> **Try it**
Examine every line of the listing below. Count those containing "sourcePoint" and state only the result.

Input for this task: Begin

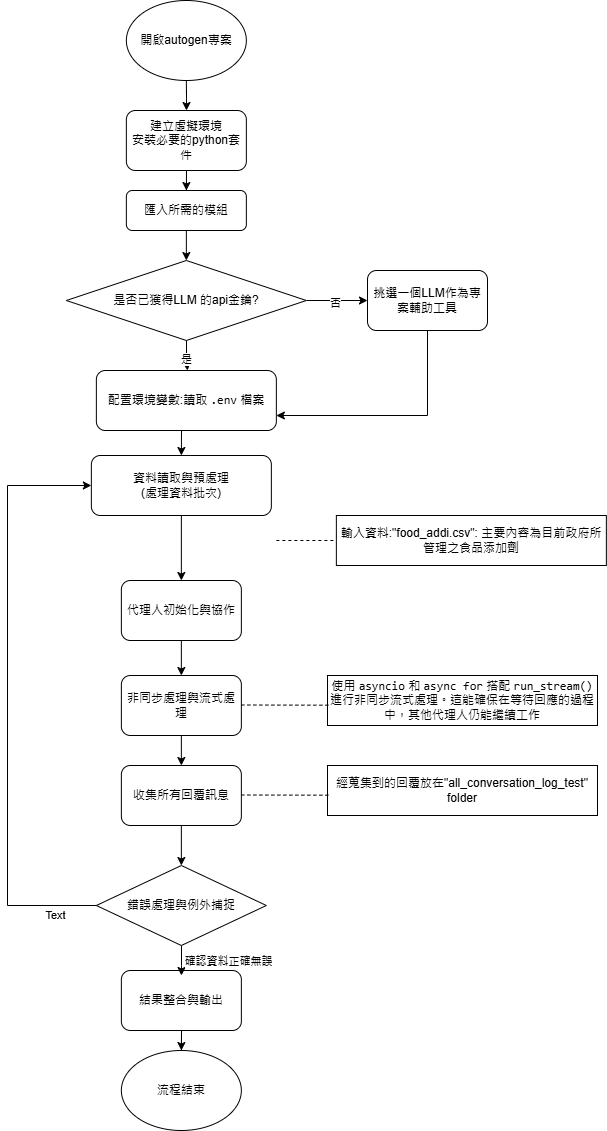

The diagram above was exported from draw.io. Its source (the exported page's mxGraphModel, read from the mxfile embedded in the PNG):
<mxGraphModel dx="1588" dy="916" grid="1" gridSize="10" guides="1" tooltips="1" connect="1" arrows="1" fold="1" page="1" pageScale="1" pageWidth="827" pageHeight="1169" math="0" shadow="0">
  <root>
    <mxCell id="WIyWlLk6GJQsqaUBKTNV-0" />
    <mxCell id="WIyWlLk6GJQsqaUBKTNV-1" parent="WIyWlLk6GJQsqaUBKTNV-0" />
    <mxCell id="Xskc7ncngh3aKrU6W5gA-5" style="edgeStyle=orthogonalEdgeStyle;rounded=0;orthogonalLoop=1;jettySize=auto;html=1;exitX=0.5;exitY=1;exitDx=0;exitDy=0;entryX=0.5;entryY=0;entryDx=0;entryDy=0;" parent="WIyWlLk6GJQsqaUBKTNV-1" source="Xskc7ncngh3aKrU6W5gA-0" target="Xskc7ncngh3aKrU6W5gA-4" edge="1">
      <mxGeometry relative="1" as="geometry" />
    </mxCell>
    <mxCell id="Xskc7ncngh3aKrU6W5gA-0" value="匯入所需的模組" style="rounded=1;whiteSpace=wrap;html=1;" parent="WIyWlLk6GJQsqaUBKTNV-1" vertex="1">
      <mxGeometry x="228.86" y="220" width="120" height="40" as="geometry" />
    </mxCell>
    <mxCell id="Xskc7ncngh3aKrU6W5gA-16" style="edgeStyle=orthogonalEdgeStyle;rounded=0;orthogonalLoop=1;jettySize=auto;html=1;exitX=0.5;exitY=1;exitDx=0;exitDy=0;entryX=0.5;entryY=0;entryDx=0;entryDy=0;" parent="WIyWlLk6GJQsqaUBKTNV-1" source="Xskc7ncngh3aKrU6W5gA-1" target="Xskc7ncngh3aKrU6W5gA-15" edge="1">
      <mxGeometry relative="1" as="geometry" />
    </mxCell>
    <mxCell id="Xskc7ncngh3aKrU6W5gA-1" value="配置環境變數:讀取 &lt;code data-end=&quot;532&quot; data-start=&quot;526&quot;&gt;.env&lt;/code&gt; 檔案" style="rounded=1;whiteSpace=wrap;html=1;" parent="WIyWlLk6GJQsqaUBKTNV-1" vertex="1">
      <mxGeometry x="198.86" y="400" width="180" height="60" as="geometry" />
    </mxCell>
    <mxCell id="Xskc7ncngh3aKrU6W5gA-6" style="edgeStyle=orthogonalEdgeStyle;rounded=0;orthogonalLoop=1;jettySize=auto;html=1;" parent="WIyWlLk6GJQsqaUBKTNV-1" source="Xskc7ncngh3aKrU6W5gA-4" edge="1">
      <mxGeometry relative="1" as="geometry">
        <mxPoint x="290" y="400" as="targetPoint" />
      </mxGeometry>
    </mxCell>
    <mxCell id="Xskc7ncngh3aKrU6W5gA-7" value="是" style="edgeLabel;html=1;align=center;verticalAlign=middle;resizable=0;points=[];" parent="Xskc7ncngh3aKrU6W5gA-6" connectable="0" vertex="1">
      <mxGeometry x="0.077" y="-1" relative="1" as="geometry">
        <mxPoint as="offset" />
      </mxGeometry>
    </mxCell>
    <mxCell id="Xskc7ncngh3aKrU6W5gA-9" style="edgeStyle=orthogonalEdgeStyle;rounded=0;orthogonalLoop=1;jettySize=auto;html=1;exitX=1;exitY=0.5;exitDx=0;exitDy=0;entryX=0;entryY=0.5;entryDx=0;entryDy=0;" parent="WIyWlLk6GJQsqaUBKTNV-1" source="Xskc7ncngh3aKrU6W5gA-4" target="Xskc7ncngh3aKrU6W5gA-8" edge="1">
      <mxGeometry relative="1" as="geometry" />
    </mxCell>
    <mxCell id="Xskc7ncngh3aKrU6W5gA-10" value="否" style="edgeLabel;html=1;align=center;verticalAlign=middle;resizable=0;points=[];" parent="Xskc7ncngh3aKrU6W5gA-9" connectable="0" vertex="1">
      <mxGeometry x="-0.075" y="-2" relative="1" as="geometry">
        <mxPoint as="offset" />
      </mxGeometry>
    </mxCell>
    <mxCell id="Xskc7ncngh3aKrU6W5gA-4" value="是否已獲得LLM 的api金鑰?" style="rhombus;whiteSpace=wrap;html=1;" parent="WIyWlLk6GJQsqaUBKTNV-1" vertex="1">
      <mxGeometry x="168.86" y="290" width="240" height="80" as="geometry" />
    </mxCell>
    <mxCell id="Xskc7ncngh3aKrU6W5gA-13" style="edgeStyle=orthogonalEdgeStyle;rounded=0;orthogonalLoop=1;jettySize=auto;html=1;exitX=0.5;exitY=1;exitDx=0;exitDy=0;entryX=1;entryY=0.75;entryDx=0;entryDy=0;" parent="WIyWlLk6GJQsqaUBKTNV-1" source="Xskc7ncngh3aKrU6W5gA-8" target="Xskc7ncngh3aKrU6W5gA-1" edge="1">
      <mxGeometry relative="1" as="geometry" />
    </mxCell>
    <mxCell id="Xskc7ncngh3aKrU6W5gA-8" value="挑選一個LLM作為專案輔助工具" style="rounded=1;whiteSpace=wrap;html=1;" parent="WIyWlLk6GJQsqaUBKTNV-1" vertex="1">
      <mxGeometry x="470" y="300" width="120" height="60" as="geometry" />
    </mxCell>
    <mxCell id="Xskc7ncngh3aKrU6W5gA-22" style="edgeStyle=orthogonalEdgeStyle;rounded=0;orthogonalLoop=1;jettySize=auto;html=1;exitX=0.5;exitY=1;exitDx=0;exitDy=0;entryX=0.5;entryY=0;entryDx=0;entryDy=0;" parent="WIyWlLk6GJQsqaUBKTNV-1" source="Xskc7ncngh3aKrU6W5gA-15" target="Xskc7ncngh3aKrU6W5gA-20" edge="1">
      <mxGeometry relative="1" as="geometry" />
    </mxCell>
    <mxCell id="Xskc7ncngh3aKrU6W5gA-15" value="資料讀取與預處理&lt;div&gt;(處理資料批次)&lt;/div&gt;" style="rounded=1;whiteSpace=wrap;html=1;" parent="WIyWlLk6GJQsqaUBKTNV-1" vertex="1">
      <mxGeometry x="193.86" y="485" width="180" height="60" as="geometry" />
    </mxCell>
    <mxCell id="Xskc7ncngh3aKrU6W5gA-18" value="" style="endArrow=none;dashed=1;html=1;rounded=0;" parent="WIyWlLk6GJQsqaUBKTNV-1" edge="1">
      <mxGeometry width="50" height="50" relative="1" as="geometry">
        <mxPoint x="378.86" y="570" as="sourcePoint" />
        <mxPoint x="438.86" y="570" as="targetPoint" />
      </mxGeometry>
    </mxCell>
    <mxCell id="Xskc7ncngh3aKrU6W5gA-19" value="輸入資料:&quot;food_addi.csv&quot;: 主要內容為目前政府所管理之食品添加劑" style="rounded=0;whiteSpace=wrap;html=1;" parent="WIyWlLk6GJQsqaUBKTNV-1" vertex="1">
      <mxGeometry x="438.86" y="545" width="270" height="50" as="geometry" />
    </mxCell>
    <mxCell id="Xskc7ncngh3aKrU6W5gA-23" style="edgeStyle=orthogonalEdgeStyle;rounded=0;orthogonalLoop=1;jettySize=auto;html=1;exitX=0.5;exitY=1;exitDx=0;exitDy=0;entryX=0.5;entryY=0;entryDx=0;entryDy=0;" parent="WIyWlLk6GJQsqaUBKTNV-1" source="Xskc7ncngh3aKrU6W5gA-20" target="Xskc7ncngh3aKrU6W5gA-21" edge="1">
      <mxGeometry relative="1" as="geometry" />
    </mxCell>
    <mxCell id="Xskc7ncngh3aKrU6W5gA-20" value="代理人初始化與協作" style="rounded=1;whiteSpace=wrap;html=1;" parent="WIyWlLk6GJQsqaUBKTNV-1" vertex="1">
      <mxGeometry x="223.86" y="610" width="120" height="60" as="geometry" />
    </mxCell>
    <mxCell id="Xskc7ncngh3aKrU6W5gA-26" style="edgeStyle=orthogonalEdgeStyle;rounded=0;orthogonalLoop=1;jettySize=auto;html=1;exitX=0.5;exitY=1;exitDx=0;exitDy=0;entryX=0.5;entryY=0;entryDx=0;entryDy=0;" parent="WIyWlLk6GJQsqaUBKTNV-1" source="Xskc7ncngh3aKrU6W5gA-21" target="Xskc7ncngh3aKrU6W5gA-24" edge="1">
      <mxGeometry relative="1" as="geometry" />
    </mxCell>
    <mxCell id="Xskc7ncngh3aKrU6W5gA-21" value="非同步處理與流式處理" style="rounded=1;whiteSpace=wrap;html=1;" parent="WIyWlLk6GJQsqaUBKTNV-1" vertex="1">
      <mxGeometry x="223.86" y="705" width="120" height="60" as="geometry" />
    </mxCell>
    <mxCell id="Xskc7ncngh3aKrU6W5gA-41" value="" style="edgeStyle=orthogonalEdgeStyle;rounded=0;orthogonalLoop=1;jettySize=auto;html=1;" parent="WIyWlLk6GJQsqaUBKTNV-1" source="Xskc7ncngh3aKrU6W5gA-24" target="Xskc7ncngh3aKrU6W5gA-39" edge="1">
      <mxGeometry relative="1" as="geometry" />
    </mxCell>
    <mxCell id="Xskc7ncngh3aKrU6W5gA-24" value="收集所有回覆訊息" style="rounded=1;whiteSpace=wrap;html=1;" parent="WIyWlLk6GJQsqaUBKTNV-1" vertex="1">
      <mxGeometry x="223.86" y="795" width="120" height="60" as="geometry" />
    </mxCell>
    <mxCell id="Xskc7ncngh3aKrU6W5gA-50" value="" style="edgeStyle=orthogonalEdgeStyle;rounded=0;orthogonalLoop=1;jettySize=auto;html=1;" parent="WIyWlLk6GJQsqaUBKTNV-1" source="Xskc7ncngh3aKrU6W5gA-27" target="Xskc7ncngh3aKrU6W5gA-49" edge="1">
      <mxGeometry relative="1" as="geometry" />
    </mxCell>
    <mxCell id="Xskc7ncngh3aKrU6W5gA-27" value="結果整合與輸出" style="rounded=1;whiteSpace=wrap;html=1;" parent="WIyWlLk6GJQsqaUBKTNV-1" vertex="1">
      <mxGeometry x="223.86" y="1000" width="120" height="60" as="geometry" />
    </mxCell>
    <mxCell id="Xskc7ncngh3aKrU6W5gA-31" value="" style="edgeStyle=orthogonalEdgeStyle;rounded=0;orthogonalLoop=1;jettySize=auto;html=1;entryX=0.5;entryY=0;entryDx=0;entryDy=0;" parent="WIyWlLk6GJQsqaUBKTNV-1" source="Xskc7ncngh3aKrU6W5gA-30" target="Xskc7ncngh3aKrU6W5gA-0" edge="1">
      <mxGeometry relative="1" as="geometry" />
    </mxCell>
    <mxCell id="Xskc7ncngh3aKrU6W5gA-30" value="建立虛擬環境&lt;div&gt;安裝必要的python套件&lt;/div&gt;" style="rounded=1;whiteSpace=wrap;html=1;" parent="WIyWlLk6GJQsqaUBKTNV-1" vertex="1">
      <mxGeometry x="228.86" y="140" width="120" height="60" as="geometry" />
    </mxCell>
    <mxCell id="Xskc7ncngh3aKrU6W5gA-33" value="" style="edgeStyle=orthogonalEdgeStyle;rounded=0;orthogonalLoop=1;jettySize=auto;html=1;" parent="WIyWlLk6GJQsqaUBKTNV-1" source="Xskc7ncngh3aKrU6W5gA-32" target="Xskc7ncngh3aKrU6W5gA-30" edge="1">
      <mxGeometry relative="1" as="geometry" />
    </mxCell>
    <mxCell id="Xskc7ncngh3aKrU6W5gA-32" value="開啟autogen專案" style="ellipse;whiteSpace=wrap;html=1;" parent="WIyWlLk6GJQsqaUBKTNV-1" vertex="1">
      <mxGeometry x="228.86" y="30" width="120" height="80" as="geometry" />
    </mxCell>
    <mxCell id="Xskc7ncngh3aKrU6W5gA-34" value="使用 &lt;code data-end=&quot;1267&quot; data-start=&quot;1258&quot;&gt;asyncio&lt;/code&gt; 和 &lt;code data-end=&quot;1281&quot; data-start=&quot;1270&quot;&gt;async for&lt;/code&gt; 搭配 &lt;code data-end=&quot;1299&quot; data-start=&quot;1285&quot;&gt;run_stream()&lt;/code&gt; 進行非同步流式處理。這能確保在等待回應的過程中，其他代理人仍能繼續工作" style="rounded=0;whiteSpace=wrap;html=1;" parent="WIyWlLk6GJQsqaUBKTNV-1" vertex="1">
      <mxGeometry x="430" y="705" width="270" height="50" as="geometry" />
    </mxCell>
    <mxCell id="Xskc7ncngh3aKrU6W5gA-36" value="" style="endArrow=none;dashed=1;html=1;rounded=0;" parent="WIyWlLk6GJQsqaUBKTNV-1" edge="1">
      <mxGeometry width="50" height="50" relative="1" as="geometry">
        <mxPoint x="343.86" y="734.5" as="sourcePoint" />
        <mxPoint x="433.8600000000001" y="734.7" as="targetPoint" />
      </mxGeometry>
    </mxCell>
    <mxCell id="Xskc7ncngh3aKrU6W5gA-46" value="" style="edgeStyle=orthogonalEdgeStyle;rounded=0;orthogonalLoop=1;jettySize=auto;html=1;" parent="WIyWlLk6GJQsqaUBKTNV-1" source="Xskc7ncngh3aKrU6W5gA-39" edge="1">
      <mxGeometry relative="1" as="geometry">
        <mxPoint x="283.9230769230769" y="1005" as="targetPoint" />
      </mxGeometry>
    </mxCell>
    <mxCell id="Xskc7ncngh3aKrU6W5gA-47" value="確認資料正確無誤" style="edgeLabel;html=1;align=center;verticalAlign=middle;resizable=0;points=[];" parent="Xskc7ncngh3aKrU6W5gA-46" connectable="0" vertex="1">
      <mxGeometry x="0.36" y="3" relative="1" as="geometry">
        <mxPoint x="43" y="-5" as="offset" />
      </mxGeometry>
    </mxCell>
    <mxCell id="HbghSPGGniM98QMYjoIE-3" style="edgeStyle=orthogonalEdgeStyle;rounded=0;orthogonalLoop=1;jettySize=auto;html=1;exitX=0;exitY=0.5;exitDx=0;exitDy=0;entryX=0;entryY=0.5;entryDx=0;entryDy=0;" edge="1" parent="WIyWlLk6GJQsqaUBKTNV-1" source="Xskc7ncngh3aKrU6W5gA-39" target="Xskc7ncngh3aKrU6W5gA-15">
      <mxGeometry relative="1" as="geometry">
        <Array as="points">
          <mxPoint x="110" y="935" />
          <mxPoint x="110" y="515" />
        </Array>
      </mxGeometry>
    </mxCell>
    <mxCell id="HbghSPGGniM98QMYjoIE-4" value="Text" style="edgeLabel;html=1;align=center;verticalAlign=middle;resizable=0;points=[];" vertex="1" connectable="0" parent="HbghSPGGniM98QMYjoIE-3">
      <mxGeometry x="-0.8599" y="9" relative="1" as="geometry">
        <mxPoint as="offset" />
      </mxGeometry>
    </mxCell>
    <mxCell id="Xskc7ncngh3aKrU6W5gA-39" value="錯誤處理與例外捕捉" style="rhombus;whiteSpace=wrap;html=1;" parent="WIyWlLk6GJQsqaUBKTNV-1" vertex="1">
      <mxGeometry x="198.86" y="895" width="170" height="80" as="geometry" />
    </mxCell>
    <mxCell id="Xskc7ncngh3aKrU6W5gA-49" value="流程結束" style="ellipse;whiteSpace=wrap;html=1;" parent="WIyWlLk6GJQsqaUBKTNV-1" vertex="1">
      <mxGeometry x="223.86" y="1080" width="120" height="80" as="geometry" />
    </mxCell>
    <mxCell id="Xskc7ncngh3aKrU6W5gA-51" value="經蒐集到的回覆放在&quot;all_conversation_log_test&quot;&lt;div&gt;folder&lt;/div&gt;" style="rounded=0;whiteSpace=wrap;html=1;" parent="WIyWlLk6GJQsqaUBKTNV-1" vertex="1">
      <mxGeometry x="430" y="795" width="270" height="50" as="geometry" />
    </mxCell>
    <mxCell id="Xskc7ncngh3aKrU6W5gA-52" value="" style="endArrow=none;dashed=1;html=1;rounded=0;" parent="WIyWlLk6GJQsqaUBKTNV-1" edge="1">
      <mxGeometry width="50" height="50" relative="1" as="geometry">
        <mxPoint x="343.86" y="824.5" as="sourcePoint" />
        <mxPoint x="433.8600000000001" y="824.7" as="targetPoint" />
      </mxGeometry>
    </mxCell>
  </root>
</mxGraphModel>

Input for this task: End

> **Exercise result**
3